How will this revision affect my current payment arrangement?

There is no change to your current payment arrangement and the new premium will be deducted upon the new revision date. 

For policies currently under the Waiver status, the above applies as the medical rider premium is revised.

If my policy is currently being processed for a minor claim (Accident, Hospitalization, Life Stage benefit), when will the increase in premium take effect?

For policies under minor claim, the premium for the medical plan will still increase. The premium will increase from the Next Premium Due Date (NPDD) onwards.

If I have already paid my premium via discounted advance premium, do I need to pay the difference in premium?

For policies under discounted advance premium scheme, you will need to pay the difference in premium after the revision. You will receive a notification letter from us detailing the additional premiums that you are required to top-up. Please pay the additional premiums required to ensure your discounted advance premium scheme remains applicable and to continue enjoying your policy coverage until policy maturity.

Insurance 101

What is insurance and how does it work?

With the premiums you pay every month, you get in return long-term financial protection, in which the insurance company will pay a portion of your medical expenses if you get hospitalised or a sum of money to your loved ones in the event of death and permanent disability.

There are mainly two types of insurance, namely life insurance and general insurance which cover different aspects in your life.

What does medical and health insurance cover?

Medical and Health Insurance (MHI) is designed to reimburse the cost of private medical treatment, which can be very expensive, especially with hospitalisation and surgery.
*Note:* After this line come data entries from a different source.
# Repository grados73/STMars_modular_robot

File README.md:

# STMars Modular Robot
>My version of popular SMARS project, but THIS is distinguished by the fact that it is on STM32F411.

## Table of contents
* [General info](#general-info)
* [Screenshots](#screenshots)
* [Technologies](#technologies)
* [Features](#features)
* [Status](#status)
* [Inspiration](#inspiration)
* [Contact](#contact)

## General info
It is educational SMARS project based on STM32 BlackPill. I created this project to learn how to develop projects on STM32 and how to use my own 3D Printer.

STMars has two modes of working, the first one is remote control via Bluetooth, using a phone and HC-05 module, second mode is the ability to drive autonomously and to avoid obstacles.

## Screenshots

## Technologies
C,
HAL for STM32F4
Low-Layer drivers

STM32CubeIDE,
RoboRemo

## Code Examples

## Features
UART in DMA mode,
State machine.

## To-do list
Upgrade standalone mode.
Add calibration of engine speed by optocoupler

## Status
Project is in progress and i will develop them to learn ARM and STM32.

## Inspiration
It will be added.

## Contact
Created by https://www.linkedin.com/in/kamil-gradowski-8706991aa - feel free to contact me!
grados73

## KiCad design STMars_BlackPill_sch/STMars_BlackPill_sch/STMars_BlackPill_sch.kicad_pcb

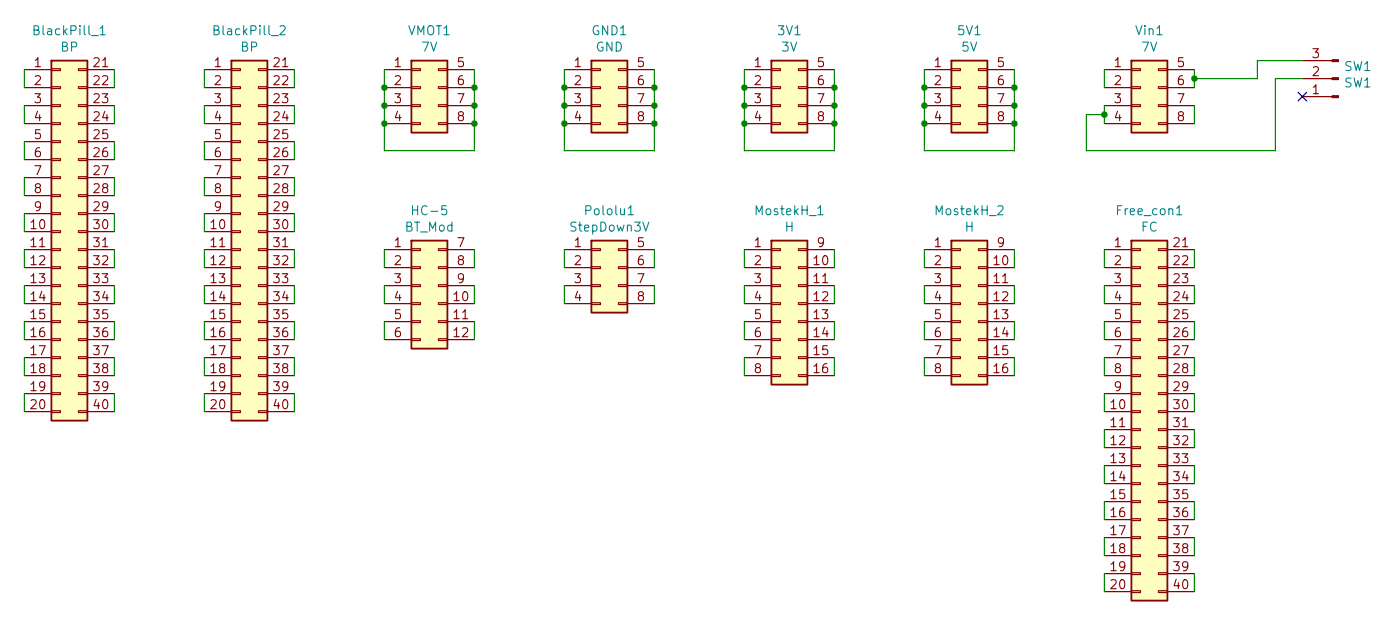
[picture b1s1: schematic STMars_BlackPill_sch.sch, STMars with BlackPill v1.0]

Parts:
3V1: 3V; PinHeader_2x04_P2.54mm_Vertical
5V1: 5V; PinHeader_2x04_P2.54mm_Vertical
BlackPill_1, BlackPill_2: BP; PinHeader_2x20_P2.54mm_Vertical
Free_con1: FC; PinHeader_2x20_P2.54mm_Vertical
GND1: GND; PinHeader_2x04_P2.54mm_Vertical
HC-5: BT_Mod; PinHeader_2x06_P2.54mm_Vertical
MostekH_1, MostekH_2: H; PinHeader_2x08_P2.54mm_Vertical
Pololu1: StepDown3V; PinHeader_2x04_P2.54mm_Vertical
SW1: SW1; PinHeader_1x03_P2.54mm_Vertical
VMOT1: 7V; PinHeader_2x04_P2.54mm_Vertical
Vin1: 7V; PinHeader_2x04_P2.54mm_Vertical

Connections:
unnamed: 3V1.1, 3V1.2, 3V1.3, 3V1.4, 3V1.5, 3V1.6, 3V1.7, 3V1.8
unnamed: 5V1.1, 5V1.2, 5V1.3, 5V1.4, 5V1.5, 5V1.6, 5V1.7, 5V1.8
unnamed: BlackPill_1.1, BlackPill_1.2
unnamed: BlackPill_1.3, BlackPill_1.4
unnamed: BlackPill_1.5, BlackPill_1.6
unnamed: BlackPill_1.7, BlackPill_1.8
unnamed: BlackPill_1.9, BlackPill_1.10
unnamed: BlackPill_1.11, BlackPill_1.12
unnamed: BlackPill_1.13, BlackPill_1.14
unnamed: BlackPill_1.15, BlackPill_1.16
unnamed: BlackPill_1.17, BlackPill_1.18
unnamed: BlackPill_1.19, BlackPill_1.20
unnamed: BlackPill_1.21, BlackPill_1.22
unnamed: BlackPill_1.23, BlackPill_1.24
unnamed: BlackPill_1.25, BlackPill_1.26
unnamed: BlackPill_1.27, BlackPill_1.28
unnamed: BlackPill_1.29, BlackPill_1.30
unnamed: BlackPill_1.31, BlackPill_1.32
unnamed: BlackPill_1.33, BlackPill_1.34
unnamed: BlackPill_1.35, BlackPill_1.36
unnamed: BlackPill_1.37, BlackPill_1.38
unnamed: BlackPill_1.39, BlackPill_1.40
unnamed: BlackPill_2.1, BlackPill_2.2
unnamed: BlackPill_2.3, BlackPill_2.4
unnamed: BlackPill_2.5, BlackPill_2.6
unnamed: BlackPill_2.7, BlackPill_2.8
unnamed: BlackPill_2.9, BlackPill_2.10
unnamed: BlackPill_2.11, BlackPill_2.12
unnamed: BlackPill_2.13, BlackPill_2.14
unnamed: BlackPill_2.15, BlackPill_2.16
unnamed: BlackPill_2.17, BlackPill_2.18
unnamed: BlackPill_2.19, BlackPill_2.20
unnamed: BlackPill_2.21, BlackPill_2.22
unnamed: BlackPill_2.23, BlackPill_2.24
unnamed: BlackPill_2.25, BlackPill_2.26
unnamed: BlackPill_2.27, BlackPill_2.28
unnamed: BlackPill_2.29, BlackPill_2.30
unnamed: BlackPill_2.31, BlackPill_2.32
unnamed: BlackPill_2.33, BlackPill_2.34
unnamed: BlackPill_2.35, BlackPill_2.36
unnamed: BlackPill_2.37, BlackPill_2.38
unnamed: BlackPill_2.39, BlackPill_2.40
unnamed: Free_con1.1, Free_con1.2
unnamed: Free_con1.3, Free_con1.4
unnamed: Free_con1.5, Free_con1.6
unnamed: Free_con1.7, Free_con1.8
unnamed: Free_con1.9, Free_con1.10
unnamed: Free_con1.11, Free_con1.12
unnamed: Free_con1.13, Free_con1.14
unnamed: Free_con1.15, Free_con1.16
unnamed: Free_con1.17, Free_con1.18
unnamed: Free_con1.19, Free_con1.20
unnamed: Free_con1.21, Free_con1.22
unnamed: Free_con1.23, Free_con1.24
unnamed: Free_con1.25, Free_con1.26
unnamed: Free_con1.27, Free_con1.28
unnamed: Free_con1.29, Free_con1.30
unnamed: Free_con1.31, Free_con1.32
unnamed: Free_con1.33, Free_con1.34
unnamed: Free_con1.35, Free_con1.36
unnamed: Free_con1.37, Free_con1.38
unnamed: Free_con1.39, Free_con1.40
unnamed: GND1.1, GND1.2, GND1.3, GND1.4, GND1.5, GND1.6, GND1.7, GND1.8
unnamed: HC-5.1, HC-5.2
unnamed: HC-5.3, HC-5.4
unnamed: HC-5.5, HC-5.6
unnamed: HC-5.7, HC-5.8
unnamed: HC-5.9, HC-5.10
unnamed: HC-5.11, HC-5.12
unnamed: MostekH_1.1, MostekH_1.2
unnamed: MostekH_1.3, MostekH_1.4
unnamed: MostekH_1.5, MostekH_1.6
unnamed: MostekH_1.7, MostekH_1.8
unnamed: MostekH_1.9, MostekH_1.10
unnamed: MostekH_1.11, MostekH_1.12
unnamed: MostekH_1.13, MostekH_1.14
unnamed: MostekH_1.15, MostekH_1.16
unnamed: MostekH_2.1, MostekH_2.2
unnamed: MostekH_2.3, MostekH_2.4
unnamed: MostekH_2.5, MostekH_2.6
unnamed: MostekH_2.7, MostekH_2.8
unnamed: MostekH_2.9, MostekH_2.10
unnamed: MostekH_2.11, MostekH_2.12
unnamed: MostekH_2.13, MostekH_2.14
unnamed: MostekH_2.15, MostekH_2.16
unnamed: Pololu1.1, Pololu1.2
unnamed: Pololu1.3, Pololu1.4
unnamed: Pololu1.5, Pololu1.6
unnamed: Pololu1.7, Pololu1.8
unnamed: SW1.2, Vin1.3, Vin1.4
unnamed: SW1.3, Vin1.5, Vin1.6
unnamed: VMOT1.1, VMOT1.2, VMOT1.3, VMOT1.4, VMOT1.5, VMOT1.6, VMOT1.7, VMOT1.8
unnamed: Vin1.1, Vin1.2
unnamed: Vin1.7, Vin1.8

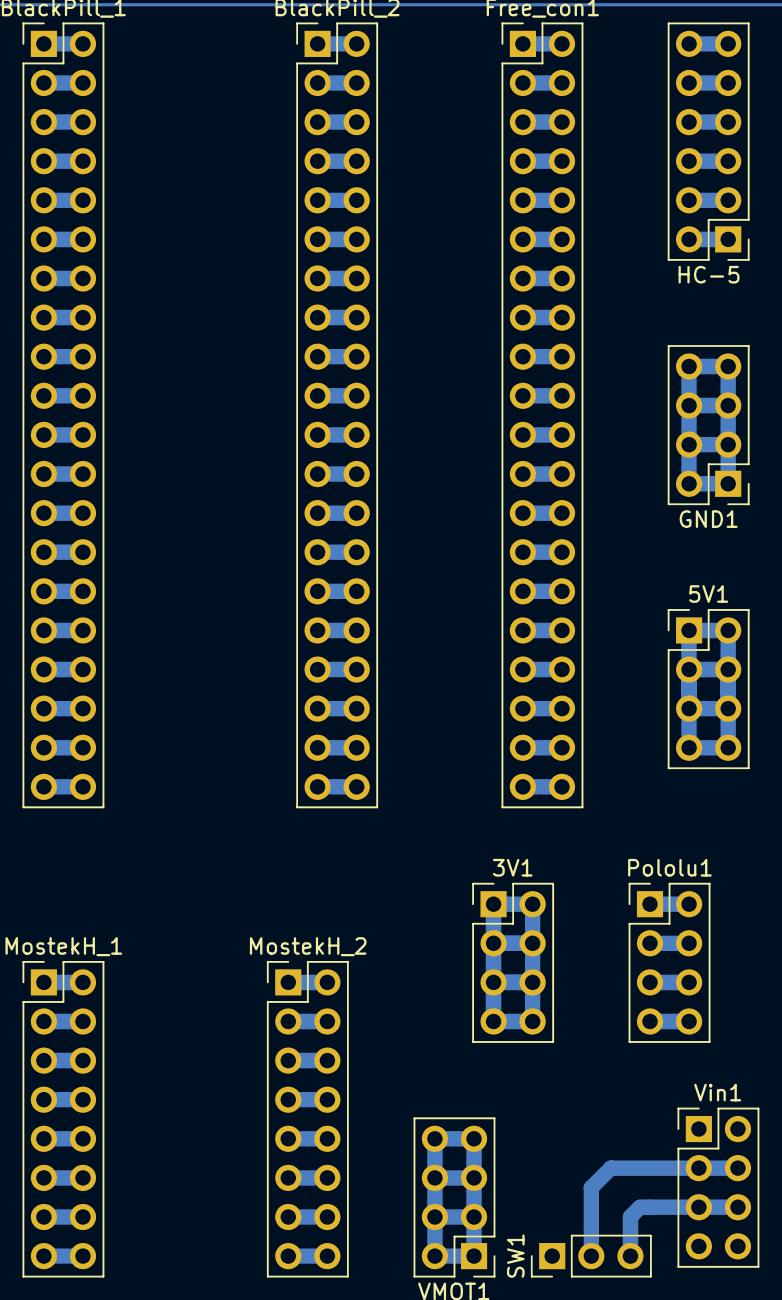
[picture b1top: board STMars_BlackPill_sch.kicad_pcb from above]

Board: 2 copper layers, 13 parts (0 on the bottom side), 94 nets.

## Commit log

2021-01-29 first commit -empty project
2021-01-29 Delate metadane - unused directory
    added by mistake
2021-01-29 UART Postawiony na DMA, ale coś w rejestrze się wykrzacza
2021-01-29 wersja z uartem w IT
2021-01-29 Dane przechodza do DMA_RX_Buffer, ale nie ma ich w UART_Rx_buffer
2021-02-02 First version of board
2021-02-02 Dziala caly parsing LED, dziala parsing MOTOR, trzeba napisac funckje obslugi ruchu w motion.c
2021-02-02 Added first version od README
2021-02-03 dodana pusta maszyna stanow
2021-02-03 dodane puste funkcje do obslugi maszyny stanow
2021-02-03 dodane dwa nowe timery PWM oraz 4 GPIO Output do sterownaia mostkiem H
2021-02-09 Photo of STMars during the first ride.
2021-02-09 dodany folder z pierwszym foto
2021-02-09 Aktualizacja o zdjęcie i poprawiony opis.
2021-02-10 Dodana obsluga maszyny stanow
2021-02-10 Poprawione funkcje cofania w sterowaniu silnikami
2021-02-12 zbilansowane silniki ręcznie
2021-02-12 wywalona słaba funkcja liczenia czasu z HAL_Gettick(); i obsluga silnikow zrobiona na przerwaniu normalnym
2021-02-12 Dodane liczenie odleglosci do przeszkody z HC-SR04 w Input Capture TIM1 Mode
2021-02-12 dodany prototyp funkcji jazdy autonomicznej i obsluga parsowania tego trybu
2021-02-12 dodana mozliwosc jazdy autonomicznej + informacja zwrotna o wybranym trybie jazdy
2021-02-16 Add photo with RoboRemo Api
2021-02-16 Add code examples

There are different types of medical plans available in the market, such as hospitalisation and surgical plans or critical illness plans: –

  • Hospitalisation and surgical insurance plan generally covers your room and board in the hospital, laboratory fees, use of special facilities, nursing care, and certain medicines and supplies.

  • Critical illness plan is typically where the insurance company makes a lump sum cash payment to the policyholder if he or she is diagnosed with one of the critical illnesses listed in the policy.

If I am admitted to a hospital, what should I do?

Our Hospital Alliance Services (HAS) is a value-added service to facilitate insurance claims for our medical policyholders, at no extra charge.

For more information, click here.

What is the Supplementary Schedule?

The Supplementary Schedule that you receive contains details of the revision and a summary of the projected insurance charges / premium rates for your medical plan. It forms part of your existing Policy upon the respective effective date(s) indicated and supersedes the provisions in the existing schedule(s).

It is important for you to note that if any part of your Policy in connection with the provisions in the Supplementary Schedule varies after the date of the Supplementary Schedule but before your policy anniversary date, the provisions in this Supplementary Schedule will not apply.

What does Deductible mean?

Deductible is usually a fixed amount you pay out of your pocket for medical expenses before your medical and health Insurance plan starts to pay out. In the case of a RM300 Deductible amount, you will have to pay a fixed amount of RM300 of total expenses covered under your policy for a disability (excluding the cost of daily room & board). The remaining balance of eligible benefits will be paid by Prudential up to the annual and lifetime limits, subject to reasonable and customary charges. Please refer to your policy document for more details.

How often should I review my policy? And why?

We encourage you to review your insurance coverage at least once a year. This is because as you progress in life, your needs and priorities may change over time; and with healthcare costs consistently outpacing inflation, it is all the more important to ensure that you are always adequately insured.